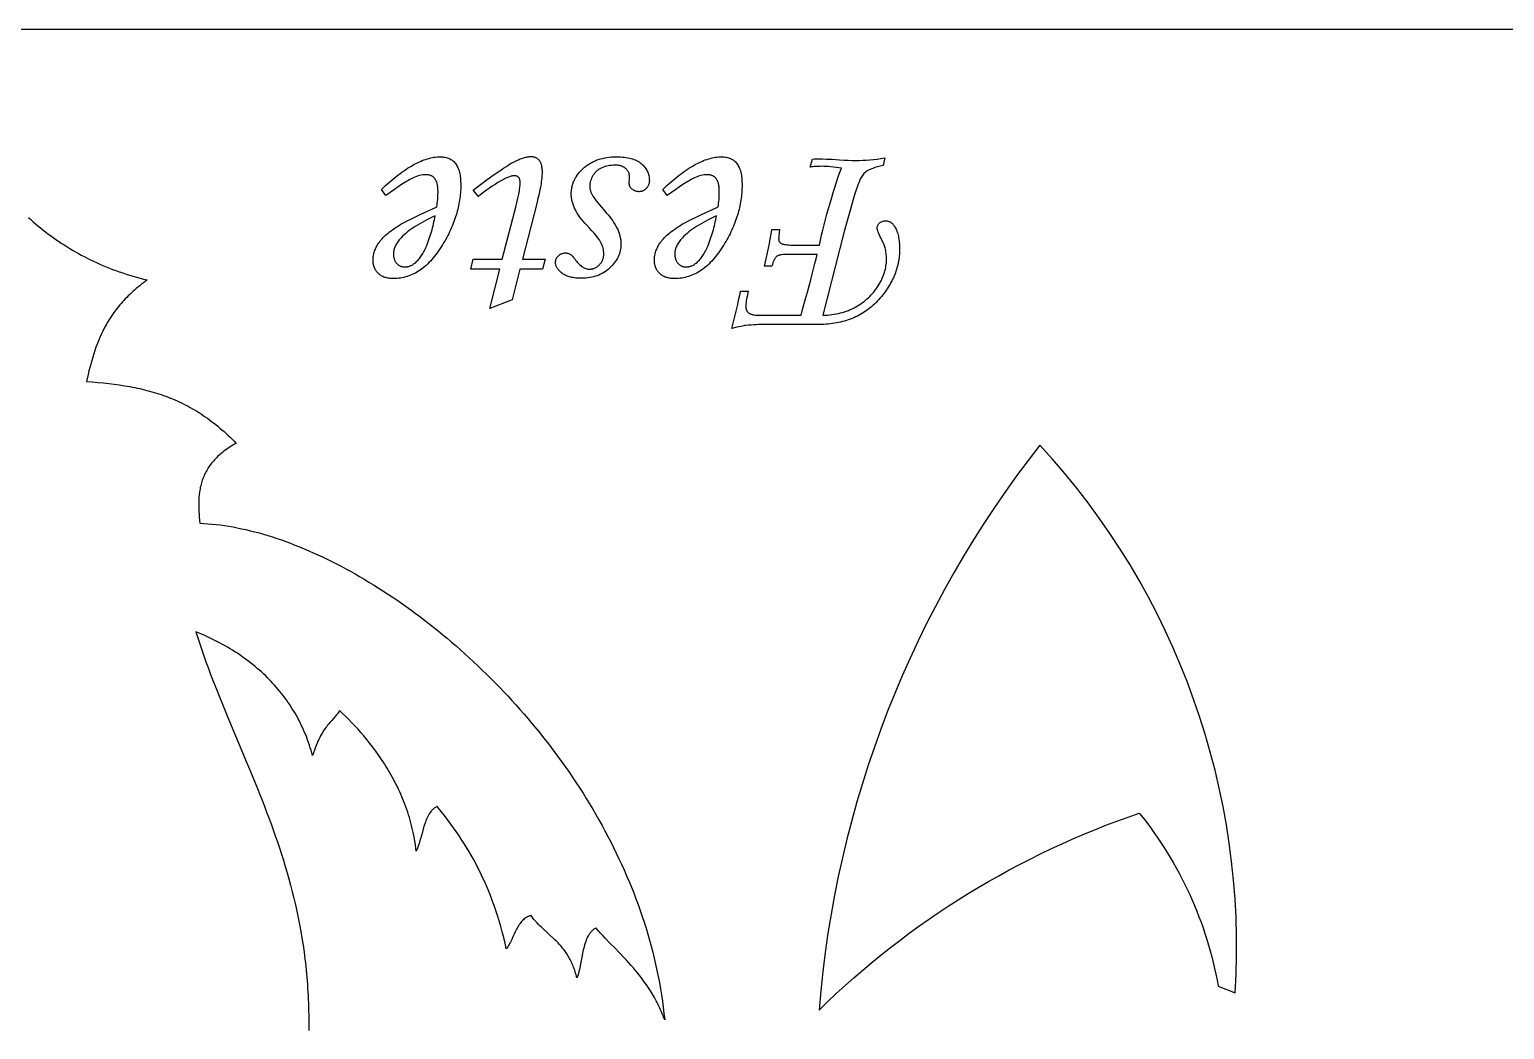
# Model space of a CAD drawing. Extents: x 2 to 372, y 3 to 246.
# Drawn here: x 192.9 to 282.4, y 179.8 to 240.5 of the extents above; entities that cross this region are included whole.
import ezdxf

# ---------------------------------------------------------------- set-up
doc = ezdxf.new("R2010")
doc.units = 0
doc.layers.add('Default_Layer', color=1, linetype='CONTINUOUS')
doc.layers.add('Vetor', color=1, linetype='CONTINUOUS')

msp = doc.modelspace()

# ---------------------------------------------------------------- linework, layer by layer
at = {"layer": 'Default_Layer'}
for points in [[(214.499, 230.433), (214.218, 230.808), (214.348, 230.93), (214.477, 231.048), (214.604, 231.162), (214.73, 231.272), (214.855, 231.379), (214.979, 231.481), (215.102, 231.58), (215.224, 231.675), (215.344, 231.766), (215.463, 231.853), (215.581, 231.936), (215.698, 232.016), (215.814, 232.091), (215.929, 232.163), (216.042, 232.231), (216.154, 232.295), (216.265, 232.355), (216.375, 232.411), (216.484, 232.463), (216.592, 232.512), (216.698, 232.556), (216.804, 232.597), (216.908, 232.634), (217.011, 232.666), (217.112, 232.695), (217.213, 232.721), (217.313, 232.742), (217.411, 232.759), (217.508, 232.773), (217.604, 232.783), (217.699, 232.788), (217.792, 232.79), (217.867, 232.789), (217.939, 232.784), (218.009, 232.776), (218.077, 232.765), (218.143, 232.75), (218.206, 232.733), (218.267, 232.712), (218.326, 232.688), (218.383, 232.661), (218.438, 232.631), (218.491, 232.597), (218.541, 232.561), (218.589, 232.521), (218.635, 232.478), (218.679, 232.431), (218.72, 232.382), (218.758, 232.329), (218.794, 232.272), (218.827, 232.211), (218.858, 232.147), (218.886, 232.078), (218.912, 232.006), (218.935, 231.93), (218.956, 231.85), (218.975, 231.766), (218.991, 231.678), (219.004, 231.587), (219.015, 231.492), (219.024, 231.392), (219.03, 231.289), (219.034, 231.182), (219.035, 231.071), (219.034, 230.958), (219.031, 230.844), (219.025, 230.73), (219.018, 230.616), (219.008, 230.503), (218.996, 230.389), (218.982, 230.275), (218.966, 230.162), (218.947, 230.048), (218.927, 229.935), (218.904, 229.821), (218.879, 229.708), (218.852, 229.594), (218.823, 229.481), (218.792, 229.368), (218.758, 229.254), (218.723, 229.141), (218.685, 229.028), (218.645, 228.915), (218.603, 228.802), (218.558, 228.688), (218.512, 228.575), (218.463, 228.462), (218.413, 228.349), (218.36, 228.236), (218.305, 228.123), (218.247, 228.01), (218.188, 227.897), (218.126, 227.785), (218.063, 227.672), (217.997, 227.559), (217.929, 227.446), (217.851, 227.32), (217.771, 227.198), (217.691, 227.08), (217.61, 226.965), (217.529, 226.855), (217.446, 226.749), (217.362, 226.647), (217.277, 226.549), (217.191, 226.455), (217.105, 226.365), (217.017, 226.278), (216.929, 226.196), (216.839, 226.118), (216.749, 226.044), (216.657, 225.974), (216.565, 225.908), (216.472, 225.846), (216.377, 225.788), (216.282, 225.734), (216.186, 225.684), (216.089, 225.638), (215.991, 225.595), (215.892, 225.557), (215.792, 225.523), (215.691, 225.493), (215.589, 225.467), (215.487, 225.445), (215.383, 225.427), (215.278, 225.413), (215.173, 225.403), (215.066, 225.397), (214.959, 225.395), (214.884, 225.396), (214.812, 225.4), (214.742, 225.406), (214.675, 225.414), (214.609, 225.425), (214.546, 225.438), (214.485, 225.454), (214.427, 225.472), (214.37, 225.492), (214.316, 225.515), (214.265, 225.54), (214.215, 225.567), (214.168, 225.597), (214.123, 225.63), (214.08, 225.664), (214.04, 225.702), (214, 225.74), (213.964, 225.78), (213.93, 225.821), (213.898, 225.865), (213.869, 225.91), (213.843, 225.957), (213.819, 226.006), (213.797, 226.057), (213.778, 226.109), (213.762, 226.164), (213.748, 226.22), (213.736, 226.278), (213.728, 226.337), (213.721, 226.399), (213.717, 226.462), (213.716, 226.527), (213.718, 226.596), (213.722, 226.665), (213.73, 226.734), (213.74, 226.803), (213.754, 226.871), (213.77, 226.939), (213.789, 227.008), (213.812, 227.076), (213.837, 227.144), (213.866, 227.212), (213.897, 227.28), (213.932, 227.347), (213.969, 227.415), (214.009, 227.482), (214.053, 227.549), (214.099, 227.616), (214.149, 227.683), (214.204, 227.751), (214.264, 227.819), (214.328, 227.887), (214.397, 227.956), (214.471, 228.024), (214.55, 228.094), (214.633, 228.163), (214.721, 228.233), (214.814, 228.303), (214.911, 228.374), (215.013, 228.444), (215.12, 228.516), (215.232, 228.587), (215.348, 228.659), (215.469, 228.731), (215.61, 228.808), (215.786, 228.9), (215.997, 229.005), (216.244, 229.125), (216.525, 229.258), (216.841, 229.406), (217.193, 229.568), (217.58, 229.744), (217.598, 229.858), (217.613, 229.971), (217.626, 230.082), (217.637, 230.193), (217.646, 230.302), (217.652, 230.409), (217.655, 230.515), (217.656, 230.62), (217.656, 230.694), (217.653, 230.766), (217.65, 230.834), (217.645, 230.9), (217.638, 230.962), (217.63, 231.022), (217.62, 231.079), (217.61, 231.133), (217.597, 231.184), (217.583, 231.233), (217.568, 231.278), (217.551, 231.321), (217.533, 231.361), (217.513, 231.398), (217.492, 231.432), (217.469, 231.463), (217.444, 231.492), (217.417, 231.519), (217.39, 231.544), (217.361, 231.567), (217.33, 231.588), (217.298, 231.608), (217.265, 231.626), (217.231, 231.642), (217.195, 231.655), (217.158, 231.668), (217.12, 231.678), (217.08, 231.686), (217.039, 231.693), (216.996, 231.697), (216.953, 231.7), (216.907, 231.701), (216.864, 231.7), (216.819, 231.698), (216.729, 231.689), (216.636, 231.674), (216.542, 231.652), (216.445, 231.625), (216.346, 231.591), (216.245, 231.551), (216.142, 231.505), (216.069, 231.47), (215.993, 231.431), (215.913, 231.387), (215.828, 231.339), (215.74, 231.287), (215.647, 231.231), (215.45, 231.105), (215.237, 230.963), (215.007, 230.803), (214.761, 230.627), (214.499, 230.433)], [(222.15, 224.102), (220.798, 223.583), (221.41, 225.965), (219.648, 225.965), (219.784, 226.57), (221.547, 226.57), (222.29, 229.421), (222.373, 229.733), (222.445, 230.019), (222.506, 230.28), (222.555, 230.515), (222.576, 230.624), (222.594, 230.726), (222.609, 230.821), (222.621, 230.911), (222.631, 230.995), (222.638, 231.072), (222.642, 231.143), (222.643, 231.207), (222.642, 231.263), (222.637, 231.314), (222.63, 231.362), (222.62, 231.405), (222.607, 231.445), (222.591, 231.48), (222.571, 231.512), (222.55, 231.539), (222.523, 231.563), (222.494, 231.584), (222.463, 231.602), (222.43, 231.616), (222.395, 231.627), (222.358, 231.635), (222.319, 231.64), (222.277, 231.642), (222.243, 231.64), (222.207, 231.637), (222.168, 231.63), (222.128, 231.622), (222.085, 231.611), (222.04, 231.597), (221.993, 231.581), (221.943, 231.563), (221.838, 231.519), (221.724, 231.464), (221.601, 231.4), (221.469, 231.327), (221.291, 231.221), (221.116, 231.111), (220.942, 230.998), (220.771, 230.882), (220.602, 230.762), (220.435, 230.639), (220.27, 230.512), (220.107, 230.382), (219.784, 230.773), (220.23, 231.108), (220.639, 231.407), (221.008, 231.673), (221.339, 231.905), (221.49, 232.008), (221.631, 232.103), (221.763, 232.189), (221.885, 232.267), (221.998, 232.336), (222.101, 232.397), (222.194, 232.449), (222.277, 232.493), (222.431, 232.566), (222.577, 232.63), (222.647, 232.659), (222.715, 232.684), (222.781, 232.708), (222.845, 232.729), (222.908, 232.747), (222.968, 232.763), (223.026, 232.777), (223.083, 232.788), (223.138, 232.796), (223.19, 232.802), (223.241, 232.806), (223.29, 232.807), (223.329, 232.806), (223.367, 232.804), (223.404, 232.799), (223.439, 232.793), (223.474, 232.785), (223.508, 232.775), (223.541, 232.763), (223.573, 232.75), (223.604, 232.735), (223.634, 232.718), (223.663, 232.699), (223.69, 232.678), (223.717, 232.656), (223.743, 232.631), (223.768, 232.605), (223.792, 232.578), (223.814, 232.548), (223.834, 232.516), (223.853, 232.481), (223.87, 232.445), (223.886, 232.406), (223.901, 232.365), (223.914, 232.321), (223.926, 232.275), (223.937, 232.228), (223.946, 232.177), (223.953, 232.125), (223.96, 232.07), (223.964, 232.013), (223.968, 231.954), (223.971, 231.829), (223.969, 231.75), (223.966, 231.665), (223.959, 231.576), (223.951, 231.482), (223.939, 231.383), (223.925, 231.278), (223.909, 231.169), (223.89, 231.054), (223.868, 230.935), (223.844, 230.81), (223.789, 230.546), (223.723, 230.261), (223.647, 229.957), (222.781, 226.57), (224.16, 226.57), (224.006, 225.965), (222.626, 225.965), (222.15, 224.102)], [(226.371, 225.412), (226.277, 225.413), (226.187, 225.417), (226.099, 225.423), (226.014, 225.431), (225.931, 225.441), (225.852, 225.454), (225.775, 225.469), (225.7, 225.487), (225.629, 225.506), (225.56, 225.529), (225.494, 225.553), (225.431, 225.58), (225.37, 225.609), (225.312, 225.64), (225.257, 225.674), (225.205, 225.71), (225.154, 225.747), (225.107, 225.784), (225.063, 225.822), (225.022, 225.861), (224.985, 225.9), (224.951, 225.94), (224.92, 225.981), (224.892, 226.023), (224.867, 226.065), (224.846, 226.108), (224.828, 226.152), (224.814, 226.197), (224.802, 226.242), (224.794, 226.288), (224.789, 226.335), (224.788, 226.382), (224.79, 226.439), (224.799, 226.493), (224.813, 226.546), (224.832, 226.597), (224.857, 226.646), (224.888, 226.693), (224.925, 226.739), (224.966, 226.782), (225.01, 226.822), (225.056, 226.857), (225.105, 226.886), (225.156, 226.91), (225.209, 226.929), (225.265, 226.942), (225.323, 226.95), (225.383, 226.953), (225.423, 226.951), (225.462, 226.948), (225.499, 226.943), (225.534, 226.935), (225.569, 226.926), (225.602, 226.914), (225.634, 226.9), (225.664, 226.884), (225.696, 226.862), (225.73, 226.833), (225.768, 226.797), (225.809, 226.755), (225.853, 226.706), (225.9, 226.65), (225.951, 226.588), (226.005, 226.518), (226.057, 226.452), (226.109, 226.389), (226.161, 226.331), (226.213, 226.276), (226.264, 226.227), (226.316, 226.181), (226.368, 226.14), (226.419, 226.104), (226.471, 226.071), (226.523, 226.043), (226.574, 226.019), (226.625, 226), (226.677, 225.985), (226.728, 225.974), (226.779, 225.968), (226.83, 225.965), (226.873, 225.966), (226.916, 225.97), (226.958, 225.975), (227, 225.982), (227.041, 225.992), (227.081, 226.004), (227.121, 226.017), (227.16, 226.033), (227.198, 226.052), (227.236, 226.072), (227.274, 226.094), (227.31, 226.119), (227.346, 226.145), (227.382, 226.174), (227.417, 226.205), (227.451, 226.238), (227.483, 226.271), (227.513, 226.306), (227.541, 226.341), (227.567, 226.378), (227.59, 226.416), (227.612, 226.455), (227.632, 226.495), (227.649, 226.536), (227.665, 226.578), (227.678, 226.621), (227.689, 226.665), (227.699, 226.71), (227.706, 226.756), (227.711, 226.804), (227.714, 226.852), (227.715, 226.901), (227.712, 226.988), (227.704, 227.075), (227.691, 227.161), (227.673, 227.246), (227.649, 227.331), (227.619, 227.415), (227.585, 227.499), (227.545, 227.582), (227.522, 227.624), (227.494, 227.669), (227.463, 227.718), (227.427, 227.769), (227.344, 227.882), (227.245, 228.008), (227.129, 228.146), (226.998, 228.297), (226.85, 228.461), (226.685, 228.637), (226.571, 228.763), (226.464, 228.887), (226.364, 229.01), (226.272, 229.133), (226.187, 229.255), (226.11, 229.376), (226.04, 229.497), (226.007, 229.556), (225.977, 229.616), (225.948, 229.676), (225.922, 229.735), (225.897, 229.794), (225.874, 229.853), (225.852, 229.911), (225.833, 229.97), (225.816, 230.028), (225.8, 230.086), (225.786, 230.144), (225.774, 230.202), (225.764, 230.259), (225.756, 230.317), (225.749, 230.374), (225.744, 230.431), (225.742, 230.487), (225.741, 230.544), (225.742, 230.6), (225.744, 230.656), (225.748, 230.711), (225.753, 230.766), (225.76, 230.82), (225.768, 230.874), (225.777, 230.927), (225.789, 230.98), (225.801, 231.033), (225.816, 231.085), (225.831, 231.137), (225.849, 231.188), (225.867, 231.239), (225.887, 231.289), (225.909, 231.339), (225.932, 231.388), (225.957, 231.437), (225.983, 231.486), (226.011, 231.534), (226.04, 231.582), (226.103, 231.675), (226.172, 231.768), (226.246, 231.858), (226.327, 231.946), (226.414, 232.033), (226.507, 232.118), (226.555, 232.159), (226.604, 232.199), (226.654, 232.238), (226.705, 232.276), (226.757, 232.312), (226.809, 232.347), (226.863, 232.38), (226.917, 232.412), (226.973, 232.443), (227.029, 232.473), (227.086, 232.501), (227.143, 232.528), (227.202, 232.553), (227.262, 232.578), (227.322, 232.601), (227.383, 232.622), (227.445, 232.643), (227.508, 232.662), (227.637, 232.696), (227.769, 232.725), (227.904, 232.748), (228.043, 232.767), (228.186, 232.78), (228.332, 232.788), (228.481, 232.79), (228.606, 232.789), (228.726, 232.784), (228.843, 232.776), (228.955, 232.765), (229.063, 232.75), (229.168, 232.733), (229.268, 232.712), (229.364, 232.688), (229.456, 232.661), (229.544, 232.631), (229.628, 232.597), (229.708, 232.561), (229.784, 232.521), (229.856, 232.478), (229.924, 232.431), (229.987, 232.382), (230.047, 232.329), (230.103, 232.275), (230.155, 232.219), (230.203, 232.162), (230.248, 232.103), (230.288, 232.043), (230.325, 231.981), (230.357, 231.918), (230.386, 231.854), (230.411, 231.788), (230.433, 231.72), (230.45, 231.651), (230.464, 231.581), (230.473, 231.509), (230.479, 231.435), (230.481, 231.361), (230.478, 231.288), (230.474, 231.253), (230.469, 231.218), (230.463, 231.184), (230.455, 231.152), (230.445, 231.12), (230.434, 231.088), (230.422, 231.058), (230.408, 231.028), (230.392, 230.999), (230.376, 230.971), (230.357, 230.944), (230.338, 230.918), (230.316, 230.892), (230.294, 230.867), (230.27, 230.843), (230.246, 230.821), (230.22, 230.801), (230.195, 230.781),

Problem to work on: Scan the listing above. Collect all lines with the word "layers".

Your response:
doc.layers.add('Default_Layer', color=1, linetype='CONTINUOUS')
doc.layers.add('Vetor', color=1, linetype='CONTINUOUS')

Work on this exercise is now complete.